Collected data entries
══════════════════════════════
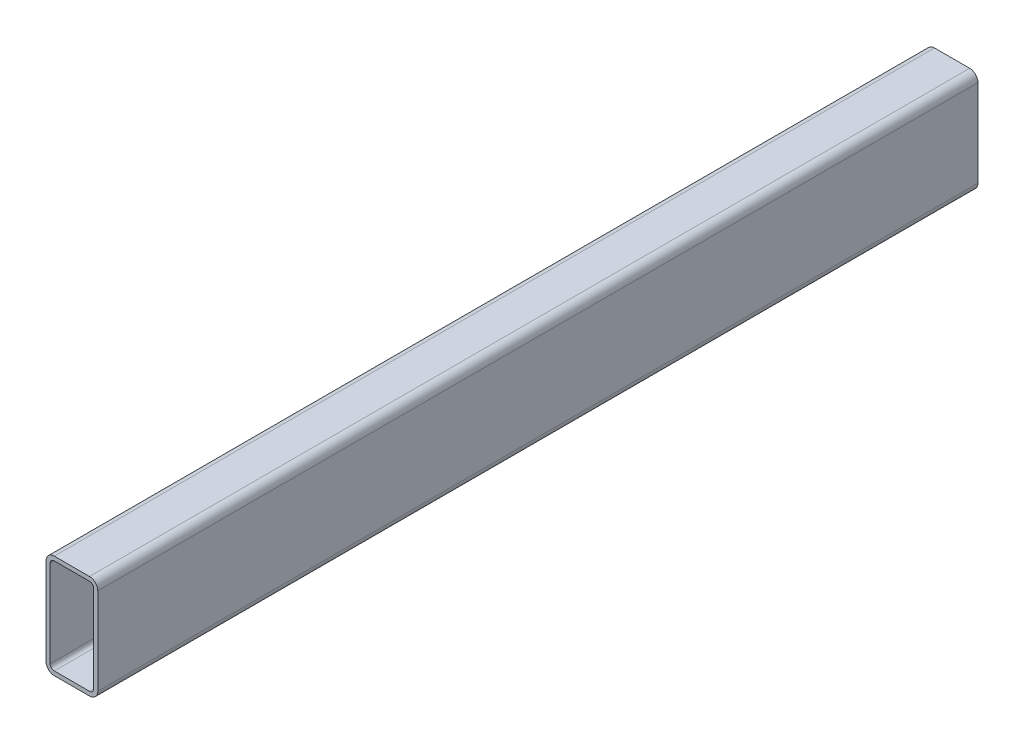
ISO-10303-21;
HEADER;
FILE_DESCRIPTION(('STEP AP214'),'2;1');
FILE_NAME('part.step','',(''),(''),'','','');
FILE_SCHEMA(('AUTOMOTIVE_DESIGN { 1 0 10303 214 1 1 1 1 }'));
ENDSEC;
DATA;
#1=APPLICATION_CONTEXT('core data for automotive mechanical design processes');
#2=APPLICATION_PROTOCOL_DEFINITION('international standard','automotive_design',2000,#1);
#3=PRODUCT_CONTEXT('',#1,'mechanical');
#4=PRODUCT('Part','Part','',(#3));
#5=PRODUCT_RELATED_PRODUCT_CATEGORY('part','',(#4));
#6=PRODUCT_DEFINITION_FORMATION('','',#4);
#7=PRODUCT_DEFINITION_CONTEXT('part definition',#1,'design');
#8=PRODUCT_DEFINITION('design','',#6,#7);
#9=PRODUCT_DEFINITION_SHAPE('','',#8);
#10=(LENGTH_UNIT() NAMED_UNIT(*) SI_UNIT(.MILLI.,.METRE.));
#11=(NAMED_UNIT(*) PLANE_ANGLE_UNIT() SI_UNIT($,.RADIAN.));
#12=(NAMED_UNIT(*) SI_UNIT($,.STERADIAN.) SOLID_ANGLE_UNIT());
#13=UNCERTAINTY_MEASURE_WITH_UNIT(LENGTH_MEASURE(1.E-05),#10,'distance_accuracy_value','');
#14=(GEOMETRIC_REPRESENTATION_CONTEXT(3) GLOBAL_UNCERTAINTY_ASSIGNED_CONTEXT((#13)) GLOBAL_UNIT_ASSIGNED_CONTEXT((#10,
#11,#12)) REPRESENTATION_CONTEXT('',''));
#15=CARTESIAN_POINT('',(0.,0.,0.));
#16=DIRECTION('',(0.,0.,1.));
#17=DIRECTION('',(1.,0.,0.));
#18=AXIS2_PLACEMENT_3D('',#15,#16,#17);
#19=CARTESIAN_POINT('',(42.0000000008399,92.0000000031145,-1186.44303583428));
#20=DIRECTION('',(1.04242850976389E-12,3.86546770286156E-12,-1.));
#21=DIRECTION('',(1.,0.,1.04242850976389E-12));
#22=AXIS2_PLACEMENT_3D('',#19,#20,#21);
#23=PLANE('',#22);
#24=CARTESIAN_POINT('',(42.0000000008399,92.0000000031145,-1186.44303583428));
#25=DIRECTION('',(-1.04242850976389E-12,-3.86546770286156E-12,1.));
#26=DIRECTION('',(1.,0.,1.04242850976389E-12));
#27=AXIS2_PLACEMENT_3D('',#24,#25,#26);
#28=CIRCLE('',#27,8.00000000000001);
#29=CARTESIAN_POINT('',(50.0000000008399,92.0000000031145,-1186.44303583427));
#30=VERTEX_POINT('',#29);
#31=CARTESIAN_POINT('',(42.0000000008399,100.000000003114,-1186.44303583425));
#32=VERTEX_POINT('',#31);
#33=EDGE_CURVE('E232',#30,#32,#28,.T.);
#34=ORIENTED_EDGE('',*,*,#33,.F.);
#35=DIRECTION('',(0.,1.,3.86546770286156E-12));
#36=VECTOR('',#35,1.);
#37=CARTESIAN_POINT('',(50.0000000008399,92.0000000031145,-1186.44303583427));
#38=LINE('',#37,#36);
#39=CARTESIAN_POINT('',(50.0000000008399,8.00000000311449,-1186.44303583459));
#40=VERTEX_POINT('',#39);
#41=EDGE_CURVE('E253',#40,#30,#38,.T.);
#42=ORIENTED_EDGE('',*,*,#41,.F.);
#43=CARTESIAN_POINT('',(42.0000000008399,8.00000000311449,-1186.4430358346));
#44=DIRECTION('',(-1.04242850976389E-12,-3.86546770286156E-12,1.));
#45=DIRECTION('',(1.,0.,1.04242850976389E-12));
#46=AXIS2_PLACEMENT_3D('',#43,#44,#45);
#47=CIRCLE('',#46,8.);
#48=CARTESIAN_POINT('',(42.0000000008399,3.11449397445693E-09,-1186.44303583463));
#49=VERTEX_POINT('',#48);
#50=EDGE_CURVE('E250',#49,#40,#47,.T.);
#51=ORIENTED_EDGE('',*,*,#50,.F.);
#52=DIRECTION('',(1.,0.,1.04242850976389E-12));
#53=VECTOR('',#52,1.);
#54=CARTESIAN_POINT('',(8.00000000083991,3.11449050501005E-09,-1186.44303583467));
#55=LINE('',#54,#53);
#56=CARTESIAN_POINT('',(8.00000000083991,3.11449050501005E-09,-1186.44303583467));
#57=VERTEX_POINT('',#56);
#58=EDGE_CURVE('E247',#57,#49,#55,.T.);
#59=ORIENTED_EDGE('',*,*,#58,.F.);
#60=CARTESIAN_POINT('',(8.00000000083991,8.00000000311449,-1186.44303583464));
#61=DIRECTION('',(-1.04242850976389E-12,-3.86546770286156E-12,1.));
#62=DIRECTION('',(1.,0.,1.04242850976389E-12));
#63=AXIS2_PLACEMENT_3D('',#60,#61,#62);
#64=CIRCLE('',#63,8.);
#65=CARTESIAN_POINT('',(8.39907081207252E-10,8.00000000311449,-1186.44303583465));
#66=VERTEX_POINT('',#65);
#67=EDGE_CURVE('E244',#66,#57,#64,.T.);
#68=ORIENTED_EDGE('',*,*,#67,.F.);
#69=DIRECTION('',(0.,-1.,-3.86546770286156E-12));
#70=VECTOR('',#69,1.);
#71=CARTESIAN_POINT('',(8.39907081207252E-10,8.00000000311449,-1186.44303583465));
#72=LINE('',#71,#70);
#73=CARTESIAN_POINT('',(8.39891261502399E-10,92.0000000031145,-1186.44303583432));
#74=VERTEX_POINT('',#73);
#75=EDGE_CURVE('E241',#74,#66,#72,.T.);
#76=ORIENTED_EDGE('',*,*,#75,.F.);
#77=CARTESIAN_POINT('',(8.00000000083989,92.0000000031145,-1186.44303583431));
#78=DIRECTION('',(-1.04242850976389E-12,-3.86546770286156E-12,1.));
#79=DIRECTION('',(1.,0.,1.04242850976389E-12));
#80=AXIS2_PLACEMENT_3D('',#77,#78,#79);
#81=CIRCLE('',#80,8.);
#82=CARTESIAN_POINT('',(8.00000000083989,100.000000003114,-1186.44303583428));
#83=VERTEX_POINT('',#82);
#84=EDGE_CURVE('E238',#83,#74,#81,.T.);
#85=ORIENTED_EDGE('',*,*,#84,.F.);
#86=DIRECTION('',(-1.,0.,-1.04242850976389E-12));
#87=VECTOR('',#86,1.);
#88=CARTESIAN_POINT('',(42.0000000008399,100.000000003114,-1186.44303583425));
#89=LINE('',#88,#87);
#90=EDGE_CURVE('E235',#32,#83,#89,.T.);
#91=ORIENTED_EDGE('',*,*,#90,.F.);
#92=EDGE_LOOP('',(#34,#42,#51,#59,#68,#76,#85,#91));
#93=FACE_BOUND('',#92,.T.);
#94=DIRECTION('',(0.,-1.,-3.86546770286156E-12));
#95=VECTOR('',#94,1.);
#96=CARTESIAN_POINT('',(4.00000000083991,8.00000000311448,-1186.44303583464));
#97=LINE('',#96,#95);
#98=CARTESIAN_POINT('',(4.00000000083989,92.0000000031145,-1186.44303583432));
#99=VERTEX_POINT('',#98);
#100=CARTESIAN_POINT('',(4.00000000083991,8.00000000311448,-1186.44303583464));
#101=VERTEX_POINT('',#100);
#102=EDGE_CURVE('E146',#99,#101,#97,.T.);
#103=ORIENTED_EDGE('',*,*,#102,.T.);
#104=CARTESIAN_POINT('',(8.00000000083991,8.00000000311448,-1186.44303583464));
#105=DIRECTION('',(-1.04242850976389E-12,-3.86546770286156E-12,1.));
#106=DIRECTION('',(1.,0.,1.04242850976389E-12));
#107=AXIS2_PLACEMENT_3D('',#104,#105,#106);
#108=CIRCLE('',#107,4.);
#109=CARTESIAN_POINT('',(8.00000000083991,4.00000000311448,-1186.44303583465));
#110=VERTEX_POINT('',#109);
#111=EDGE_CURVE('E180',#101,#110,#108,.T.);
#112=ORIENTED_EDGE('',*,*,#111,.T.);
#113=DIRECTION('',(1.,0.,1.04242850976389E-12));
#114=VECTOR('',#113,1.);
#115=CARTESIAN_POINT('',(8.00000000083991,4.00000000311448,-1186.44303583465));
#116=LINE('',#115,#114);
#117=CARTESIAN_POINT('',(42.0000000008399,4.00000000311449,-1186.44303583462));
#118=VERTEX_POINT('',#117);
#119=EDGE_CURVE('E183',#110,#118,#116,.T.);
#120=ORIENTED_EDGE('',*,*,#119,.T.);
#121=CARTESIAN_POINT('',(42.0000000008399,8.00000000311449,-1186.4430358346));
#122=DIRECTION('',(-1.04242850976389E-12,-3.86546770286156E-12,1.));
#123=DIRECTION('',(1.,0.,1.04242850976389E-12));
#124=AXIS2_PLACEMENT_3D('',#121,#122,#123);
#125=CIRCLE('',#124,4.);
#126=CARTESIAN_POINT('',(46.0000000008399,8.00000000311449,-1186.4430358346));
#127=VERTEX_POINT('',#126);
#128=EDGE_CURVE('E186',#118,#127,#125,.T.);
#129=ORIENTED_EDGE('',*,*,#128,.T.);
#130=DIRECTION('',(0.,1.,3.86546770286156E-12));
#131=VECTOR('',#130,1.);
#132=CARTESIAN_POINT('',(46.0000000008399,92.0000000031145,-1186.44303583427));
#133=LINE('',#132,#131);
#134=CARTESIAN_POINT('',(46.0000000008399,92.0000000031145,-1186.44303583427));
#135=VERTEX_POINT('',#134);
#136=EDGE_CURVE('E189',#127,#135,#133,.T.);
#137=ORIENTED_EDGE('',*,*,#136,.T.);
#138=CARTESIAN_POINT('',(42.0000000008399,92.0000000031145,-1186.44303583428));
#139=DIRECTION('',(-1.04242850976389E-12,-3.86546770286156E-12,1.));
#140=DIRECTION('',(1.,0.,1.04242850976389E-12));
#141=AXIS2_PLACEMENT_3D('',#138,#139,#140);
#142=CIRCLE('',#141,4.00000000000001);
#143=CARTESIAN_POINT('',(42.0000000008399,96.0000000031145,-1186.44303583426));
#144=VERTEX_POINT('',#143);
#145=EDGE_CURVE('E192',#135,#144,#142,.T.);
#146=ORIENTED_EDGE('',*,*,#145,.T.);
#147=DIRECTION('',(-1.,0.,-1.04242850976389E-12));
#148=VECTOR('',#147,1.);
#149=CARTESIAN_POINT('',(42.0000000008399,96.0000000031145,-1186.44303583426));
#150=LINE('',#149,#148);
#151=CARTESIAN_POINT('',(8.00000000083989,96.0000000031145,-1186.4430358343));
#152=VERTEX_POINT('',#151);
#153=EDGE_CURVE('E195',#144,#152,#150,.T.);
#154=ORIENTED_EDGE('',*,*,#153,.T.);
#155=CARTESIAN_POINT('',(8.00000000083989,92.0000000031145,-1186.44303583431));
#156=DIRECTION('',(-1.04242850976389E-12,-3.86546770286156E-12,1.));
#157=DIRECTION('',(1.,0.,1.04242850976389E-12));
#158=AXIS2_PLACEMENT_3D('',#155,#156,#157);
#159=CIRCLE('',#158,4.);
#160=EDGE_CURVE('E177',#152,#99,#159,.T.);
#161=ORIENTED_EDGE('',*,*,#160,.T.);
#162=EDGE_LOOP('',(#103,#112,#120,#129,#137,#146,#154,#161));
#163=FACE_BOUND('',#162,.T.);
#164=ADVANCED_FACE('F26',(#93,#163),#23,.T.);
#165=CARTESIAN_POINT('',(41.9999999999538,91.9999999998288,-336.443035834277));
#166=DIRECTION('',(1.04242850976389E-12,3.86546770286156E-12,-1.));
#167=DIRECTION('',(1.,0.,1.04242850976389E-12));
#168=AXIS2_PLACEMENT_3D('',#165,#166,#167);
#169=PLANE('',#168);
#170=CARTESIAN_POINT('',(41.9999999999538,91.9999999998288,-336.443035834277));
#171=DIRECTION('',(-1.04242850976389E-12,-3.86546770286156E-12,1.));
#172=DIRECTION('',(1.,0.,1.04242850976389E-12));
#173=AXIS2_PLACEMENT_3D('',#170,#171,#172);
#174=CIRCLE('',#173,8.00000000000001);
#175=CARTESIAN_POINT('',(49.9999999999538,91.9999999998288,-336.443035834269));
#176=VERTEX_POINT('',#175);
#177=CARTESIAN_POINT('',(41.9999999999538,99.9999999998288,-336.443035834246));
#178=VERTEX_POINT('',#177);
#179=EDGE_CURVE('E148',#176,#178,#174,.T.);
#180=ORIENTED_EDGE('',*,*,#179,.T.);
#181=DIRECTION('',(-1.,0.,-1.04242850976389E-12));
#182=VECTOR('',#181,1.);
#183=CARTESIAN_POINT('',(41.9999999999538,99.9999999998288,-336.443035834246));
#184=LINE('',#183,#182);
#185=CARTESIAN_POINT('',(7.99999999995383,99.9999999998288,-336.443035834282));
#186=VERTEX_POINT('',#185);
#187=EDGE_CURVE('E211',#178,#186,#184,.T.);
#188=ORIENTED_EDGE('',*,*,#187,.T.);
#189=CARTESIAN_POINT('',(7.99999999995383,91.9999999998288,-336.443035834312));
#190=DIRECTION('',(-1.04242850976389E-12,-3.86546770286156E-12,1.));
#191=DIRECTION('',(1.,0.,1.04242850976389E-12));
#192=AXIS2_PLACEMENT_3D('',#189,#190,#191);
#193=CIRCLE('',#192,8.);
#194=CARTESIAN_POINT('',(-4.61729717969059E-11,91.9999999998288,-336.443035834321));
#195=VERTEX_POINT('',#194);
#196=EDGE_CURVE('E214',#186,#195,#193,.T.);
#197=ORIENTED_EDGE('',*,*,#196,.T.);
#198=DIRECTION('',(0.,-1.,-3.86546770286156E-12));
#199=VECTOR('',#198,1.);
#200=CARTESIAN_POINT('',(-4.61571520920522E-11,7.99999999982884,-336.443035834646));
#201=LINE('',#200,#199);
#202=CARTESIAN_POINT('',(-4.61571520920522E-11,7.99999999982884,-336.443035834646));
#203=VERTEX_POINT('',#202);
#204=EDGE_CURVE('E217',#195,#203,#201,.T.);
#205=ORIENTED_EDGE('',*,*,#204,.T.);
#206=CARTESIAN_POINT('',(7.99999999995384,7.99999999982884,-336.443035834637));
#207=DIRECTION('',(-1.04242850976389E-12,-3.86546770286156E-12,1.));
#208=DIRECTION('',(1.,0.,1.04242850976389E-12));
#209=AXIS2_PLACEMENT_3D('',#206,#207,#208);
#210=CIRCLE('',#209,8.);
#211=CARTESIAN_POINT('',(7.99999999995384,-1.7115704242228E-10,-336.443035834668));
#212=VERTEX_POINT('',#211);
#213=EDGE_CURVE('E220',#203,#212,#210,.T.);
#214=ORIENTED_EDGE('',*,*,#213,.T.);
#215=DIRECTION('',(1.,0.,1.04242850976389E-12));
#216=VECTOR('',#215,1.);
#217=CARTESIAN_POINT('',(7.99999999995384,-1.7115704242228E-10,-336.443035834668));
#218=LINE('',#217,#216);
#219=CARTESIAN_POINT('',(41.9999999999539,-1.71153572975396E-10,-336.443035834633));
#220=VERTEX_POINT('',#219);
#221=EDGE_CURVE('E223',#212,#220,#218,.T.);
#222=ORIENTED_EDGE('',*,*,#221,.T.);
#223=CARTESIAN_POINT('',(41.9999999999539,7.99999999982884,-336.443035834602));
══════════════════════════════
- TASK ITEM
Repeat the lines above, starting at the first and stopping after the line that holds "#7=PRODUCT_DEFINITION_CONTEXT('part definition',#1,'design');", with the pictures left out.

- EXERCISE RESPONSE
ISO-10303-21;
HEADER;
FILE_DESCRIPTION(('STEP AP214'),'2;1');
FILE_NAME('part.step','',(''),(''),'','','');
FILE_SCHEMA(('AUTOMOTIVE_DESIGN { 1 0 10303 214 1 1 1 1 }'));
ENDSEC;
DATA;
#1=APPLICATION_CONTEXT('core data for automotive mechanical design processes');
#2=APPLICATION_PROTOCOL_DEFINITION('international standard','automotive_design',2000,#1);
#3=PRODUCT_CONTEXT('',#1,'mechanical');
#4=PRODUCT('Part','Part','',(#3));
#5=PRODUCT_RELATED_PRODUCT_CATEGORY('part','',(#4));
#6=PRODUCT_DEFINITION_FORMATION('','',#4);
#7=PRODUCT_DEFINITION_CONTEXT('part definition',#1,'design');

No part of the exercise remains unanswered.